Bond length decreases as the bond order increases. Let's determine the nitrogen-oxygen bond order in each species: In \(\text{NO}_2^-\), the resonance structures show a bond order of 1.5. In \(\text{NO}_3^-\), the resonance structures show a bond order of 1.33. \(\text{NO}^+\) is isoelectronic with \(\text{N}_2\) and contains a triple bond, giving a bond order of 3. \(\text{NO}_2^+\) is a linear molecule containing two double bonds, giving a bond order of 2. Since \(\text{NO}^+\) has the highest bond order of 3, it has the shortest nitrogen-to-oxygen bond length.

Award 1 mark for the correct option (C). No marks are awarded for other options.

A non-polar molecule with polar bonds must have a highly symmetrical geometry where the individual bond dipole moments cancel out. \(\text{PCl}_3\) is trigonal pyramidal and polar. \(\text{SF}_4\) is seesaw-shaped and polar. \(\text{CH}_2\text{Cl}_2\) is an asymmetrical tetrahedral molecule and polar. \(\text{SO}_3\) is trigonal planar and highly symmetrical; the individual polar sulfur-oxygen double bonds cancel each other's dipoles completely, making the molecule non-polar.

Award 1 mark for the correct option (C). No marks are awarded for other options.
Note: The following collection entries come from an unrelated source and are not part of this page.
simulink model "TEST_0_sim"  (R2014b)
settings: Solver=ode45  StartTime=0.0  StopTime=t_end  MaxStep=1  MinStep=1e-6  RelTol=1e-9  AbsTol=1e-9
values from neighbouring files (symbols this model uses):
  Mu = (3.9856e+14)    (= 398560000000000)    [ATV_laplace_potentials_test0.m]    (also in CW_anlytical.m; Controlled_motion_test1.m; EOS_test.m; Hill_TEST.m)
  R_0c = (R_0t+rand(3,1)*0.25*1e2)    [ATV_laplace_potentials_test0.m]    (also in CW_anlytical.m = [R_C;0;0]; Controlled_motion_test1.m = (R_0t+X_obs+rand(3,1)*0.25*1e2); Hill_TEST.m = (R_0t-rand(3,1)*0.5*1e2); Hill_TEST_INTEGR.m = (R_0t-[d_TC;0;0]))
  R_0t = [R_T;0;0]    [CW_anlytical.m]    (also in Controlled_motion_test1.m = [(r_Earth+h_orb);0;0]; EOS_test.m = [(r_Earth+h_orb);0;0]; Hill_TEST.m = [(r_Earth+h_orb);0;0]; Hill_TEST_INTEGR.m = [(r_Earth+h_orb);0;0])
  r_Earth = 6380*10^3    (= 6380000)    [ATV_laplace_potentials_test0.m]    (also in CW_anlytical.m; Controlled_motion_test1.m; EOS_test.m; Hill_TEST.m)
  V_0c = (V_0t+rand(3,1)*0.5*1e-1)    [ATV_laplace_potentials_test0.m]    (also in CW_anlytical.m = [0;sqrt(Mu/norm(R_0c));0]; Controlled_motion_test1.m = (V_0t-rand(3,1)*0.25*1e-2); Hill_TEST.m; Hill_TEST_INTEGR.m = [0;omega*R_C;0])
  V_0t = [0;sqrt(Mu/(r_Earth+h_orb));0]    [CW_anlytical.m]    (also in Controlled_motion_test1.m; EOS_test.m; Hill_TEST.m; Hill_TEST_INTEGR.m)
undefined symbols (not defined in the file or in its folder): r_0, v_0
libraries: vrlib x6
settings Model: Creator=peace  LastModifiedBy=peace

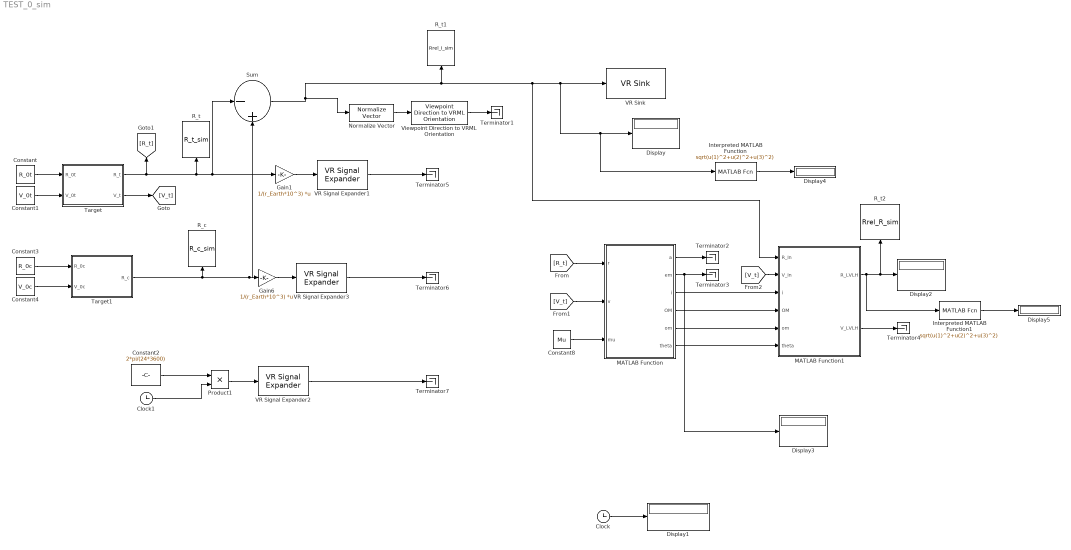
== system TEST_0_sim ==
  Clock : Clock
  Clock1 : Clock
  Constant : Constant  Value=R_0t  VectorParams1D=off
  Constant1 : Constant  Value=V_0t  VectorParams1D=off
  Constant2 : Constant  Value=2*pi/(24*3600)
  Constant3 : Constant  Value=R_0c  VectorParams1D=off
  Constant4 : Constant  Value=V_0c  VectorParams1D=off
  Constant8 : Constant  Value=Mu  VectorParams1D=off
  Display{,1..5} (6 alike) : Display
  Gain1 : Gain  Gain=1/(r_Earth*10^3)  Multiplication=Matrix(K*u)
  Gain6 : Gain  Gain=1/(r_Earth*10^3)  Multiplication=Matrix(K*u)
  Interpreted MATLAB Function : MATLABFcn  MATLABFcn=sqrt(u(1)^2+u(2)^2+u(3)^2)
  Interpreted MATLAB Function1 : MATLABFcn  MATLABFcn=sqrt(u(1)^2+u(2)^2+u(3)^2)
  MATLAB Function : MATLAB Function  TreatAsAtomicUnit=on
  MATLAB Function1 : MATLAB Function  TreatAsAtomicUnit=on
  Normalize Vector : vrlib/Utilities/Normalize Vector  maxzero=0
  Product1 : Product
  R_c : ToWorkspace  VariableName=R_c_sim  SaveFormat=Structure With Time  SampleTime=-1
  R_t : ToWorkspace  VariableName=R_t_sim  SaveFormat=Structure With Time  SampleTime=-1
  R_t1 : ToWorkspace  VariableName=Rrel_I_sim  SaveFormat=Structure With Time  SampleTime=-1
  R_t2 : ToWorkspace  VariableName=Rrel_R_sim  SaveFormat=Structure With Time  SampleTime=-1
  Sum : Sum  Inputs=|-+
  Target : Subsystem
  Target1 : Subsystem
  Terminator{1..7} (7 alike) : Terminator
  VR Signal Expander1 : vrlib/VR Signal Expander  outwidth=3  outidx=[1,2,3]
  VR Signal Expander2 : vrlib/VR Signal Expander  outwidth=4  outidx=[3]
  VR Signal Expander3 : vrlib/VR Signal Expander  outwidth=3  outidx=[1,2,3]
  VR Sink : vrlib/VR Sink  InstantiateOnLoad=on  SampleTime=0.1  ViewEnable=on  RemoteChange=off  RemoteView=off  FieldsWritten=Sphere.translation.3.1.1.double  WorldFileName=SS_SPH.wrl  AutoView=off  VideoDimensions=[]  AllowVariableSize=off
  Viewpoint Direction to VRML Orientation : vrlib/Utilities/Viewpoint Direction to VRML Orientation
  wires:
  Constant2/1 -> Product1/1
  Product1/1 -> VR Signal Expander2/1
  Clock1/1 -> Product1/2
  Target/1(R_t) -> [R_t], Sum/1, Gain1/1, R_t/1
  Constant/1 -> Target/1(R_0t)
  Constant1/1 -> Target/2(V_0t)
  VR Signal Expander3/1 -> Terminator6/1
  Target1/1(R_c) -> Sum/2, Gain6/1, R_c/1
  Constant3/1 -> Target1/1(R_0c)
  Constant4/1 -> Target1/2(V_0c)
  VR Signal Expander2/1 -> Terminator7/1
  Gain6/1 -> VR Signal Expander3/1
  VR Signal Expander1/1 -> Terminator5/1
  Gain1/1 -> VR Signal Expander1/1
  Sum/1 -> Normalize Vector/1, R_t1/1, MATLAB Function1/1(R_In), Interpreted MATLAB Function/1, Display/1, VR Sink/1
  Normalize Vector/1 -> Viewpoint Direction to VRML Orientation/1
  Viewpoint Direction to VRML Orientation/1 -> Terminator1/1
  Clock/1 -> Display1/1
  Target/2("V_t ") -> [V_t]
  [V_t] -> MATLAB Function/2(v)
  [R_t] -> MATLAB Function/1(r)
  Constant8/1 -> MATLAB Function/3(mu)
  MATLAB Function/1(a) -> Terminator2/1
  MATLAB Function/2(em) -> Display3/1, Terminator3/1
  MATLAB Function/3(i) -> MATLAB Function1/3(i)
  MATLAB Function/4(OM) -> MATLAB Function1/4(OM)
  MATLAB Function/5(om) -> MATLAB Function1/5(om)
  MATLAB Function/6(theta) -> MATLAB Function1/6(theta)
  MATLAB Function1/2(V_LVLH) -> Terminator4/1
  [V_t] -> MATLAB Function1/2(V_In)
  Interpreted MATLAB Function/1 -> Display4/1
  MATLAB Function1/1(R_LVLH) -> Interpreted MATLAB Function1/1, Display2/1, R_t2/1
  Interpreted MATLAB Function1/1 -> Display5/1

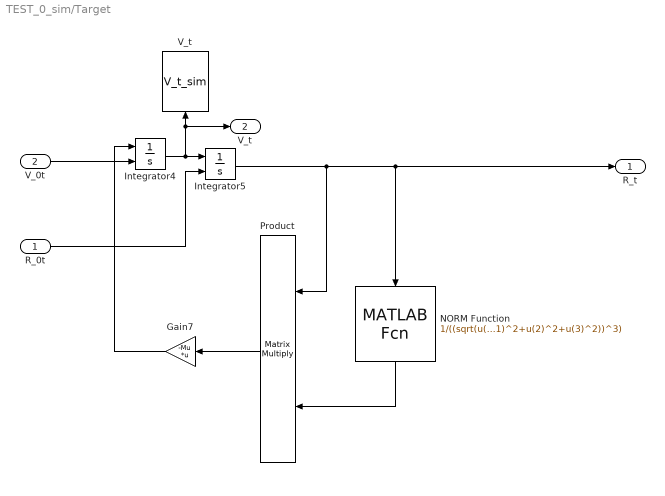
== system TEST_0_sim/Target ==
  R_0t : Inport
  V_0t : Inport  Port=2
  Gain7 : Gain  Gain=-Mu  Multiplication=Matrix(K*u)
  Integrator4 : Integrator  InitialConditionSource=external  InitialCondition=v_0
  Integrator5 : Integrator  InitialConditionSource=external  InitialCondition=r_0
  NORM Function : MATLABFcn  MATLABFcn=1/((sqrt(u(1)^2+u(2)^2+u(3)^2))^3)  OutputDimensions=1
  Product : Product  Multiplication=Matrix(*)
  V_t : ToWorkspace  VariableName=V_t_sim  SaveFormat=Structure With Time  SampleTime=-1
  R_t : Outport
  "V_t " : Outport  Port=2
  wires:
  Integrator5/1 -> R_t/1, NORM Function/1, Product/1
  Integrator4/1 -> Integrator5/1, "V_t "/1, V_t/1
  Gain7/1 -> Integrator4/1
  Product/1 -> Gain7/1
  NORM Function/1 -> Product/2
  V_0t/1 -> Integrator4/2
  R_0t/1 -> Integrator5/2

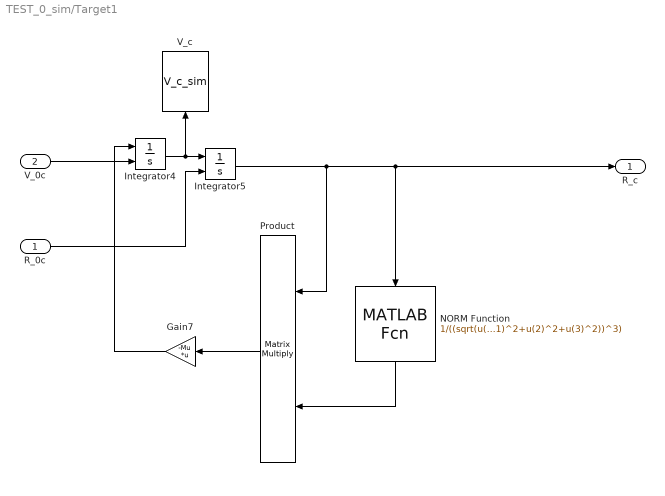
== system TEST_0_sim/Target1 ==
  R_0c : Inport
  V_0c : Inport  Port=2
  Gain7 : Gain  Gain=-Mu  Multiplication=Matrix(K*u)
  Integrator4 : Integrator  InitialConditionSource=external  InitialCondition=v_0
  Integrator5 : Integrator  InitialConditionSource=external  InitialCondition=r_0
  NORM Function : MATLABFcn  MATLABFcn=1/((sqrt(u(1)^2+u(2)^2+u(3)^2))^3)  OutputDimensions=1
  Product : Product  Multiplication=Matrix(*)
  V_c : ToWorkspace  VariableName=V_c_sim  SaveFormat=Structure With Time  SampleTime=-1
  R_c : Outport
  wires:
  Integrator5/1 -> R_c/1, NORM Function/1, Product/1
  Integrator4/1 -> Integrator5/1, V_c/1
  Gain7/1 -> Integrator4/1
  Product/1 -> Gain7/1
  NORM Function/1 -> Product/2
  V_0c/1 -> Integrator4/2
  R_0c/1 -> Integrator5/2

== matlab function TEST_0_sim/MATLAB Function1 ==
  data: R_In input; R_LVLH output; V_In input; i input; OM input; om input; theta input; V_LVLH output
function [R_LVLH,V_LVLH]=In2LVLH(R_In,V_In,i,OM,om,theta)

R_LVLH=zeros(3,1);
V_LVLH=zeros(3,1);


R_In=[R_In(1);R_In(2);R_In(3)];

ROT_Plane=[cos(om)*cos(OM)-sin(om)*cos(i)*sin(OM), -sin(om)*cos(OM)-cos(om)*cos(i)*sin(OM), sin(i)*sin(OM);
    cos(om)*sin(OM)+sin(om)*cos(i)*cos(OM), -sin(om)*sin(OM)+cos(om)*cos(i)*cos(OM), -sin(i)*cos(OM);
    sin(om)*sin(i), cos(om)*sin(i), cos(i)]; 

ROT_Theta=[cos(theta), sin(theta),  0;
          -sin(theta), cos(theta), 0;
             0       ,     0     ,1 ];
         
 

R_LVLH=ROT_Theta'* (ROT_Plane'* R_In);

hv=[0;0;0];
w=1;
%V_LVLH=V_In+w*cross(hv,R_LVLH);
V_LVLH=V_In;%NON E' VERO !!!!!
end

== matlab function TEST_0_sim/MATLAB Function ==
  data: r input; a output; v input; mu input; em output; i output; OM output; om output; theta output
function [a,em,i,OM,om,theta]=RV2OrbPar_My(r,v,mu)

rm=norm(r);
vm=norm(v);
a=mu/(((2*mu)/rm)-(vm^2));
h=cross(r,v);
hm=norm(h);
l=cross(v,h);
e=l/mu-r/rm;
em=norm(e);
i=acos(h(3)/hm);
kv=[0;0;1];
jv=[0;1;0];
iv=[1;0;0];

if norm(cross(kv,h))==0
n=iv;  
else
n=cross(kv,h)/norm(cross(kv,h));
end

    if dot(n,jv)>0
        OM=acos(dot(n,iv));
    else
        OM=2*pi-acos(dot(n,iv));
    end

if  abs(em) <1e-6
    
   om=0;
else
    
    if dot(e,kv)>0
        om=acos(dot(n,e)/em);
    else
        om=2*pi-acos(dot(n,e)/em);
    end
end

if em< 1e-6;

    theta=acos(dot(r/rm,iv));
    
else
    
    if dot(r,v)>0
        theta=acos(dot(r,e)/(rm*em));
    else
        theta=2*pi-acos(dot(r,e)/(rm*em));
    end
end

end

An alcohol is classified as tertiary if the carbon atom bonded to the hydroxyl (\(-\text{OH}\)) group is also directly bonded to three other carbon atoms. In 2-methylbutan-2-ol, the second carbon is bonded to the hydroxyl group, two methyl groups, and one ethyl group. This carbon is bonded to three other carbon atoms, making it a tertiary alcohol. In contrast, 3-methylbutan-2-ol is a secondary alcohol, while 2,2-dimethylpropan-1-ol and 2-methylbutan-1-ol are primary alcohols.

Award 1 mark for the correct option (A). No marks are awarded for other options.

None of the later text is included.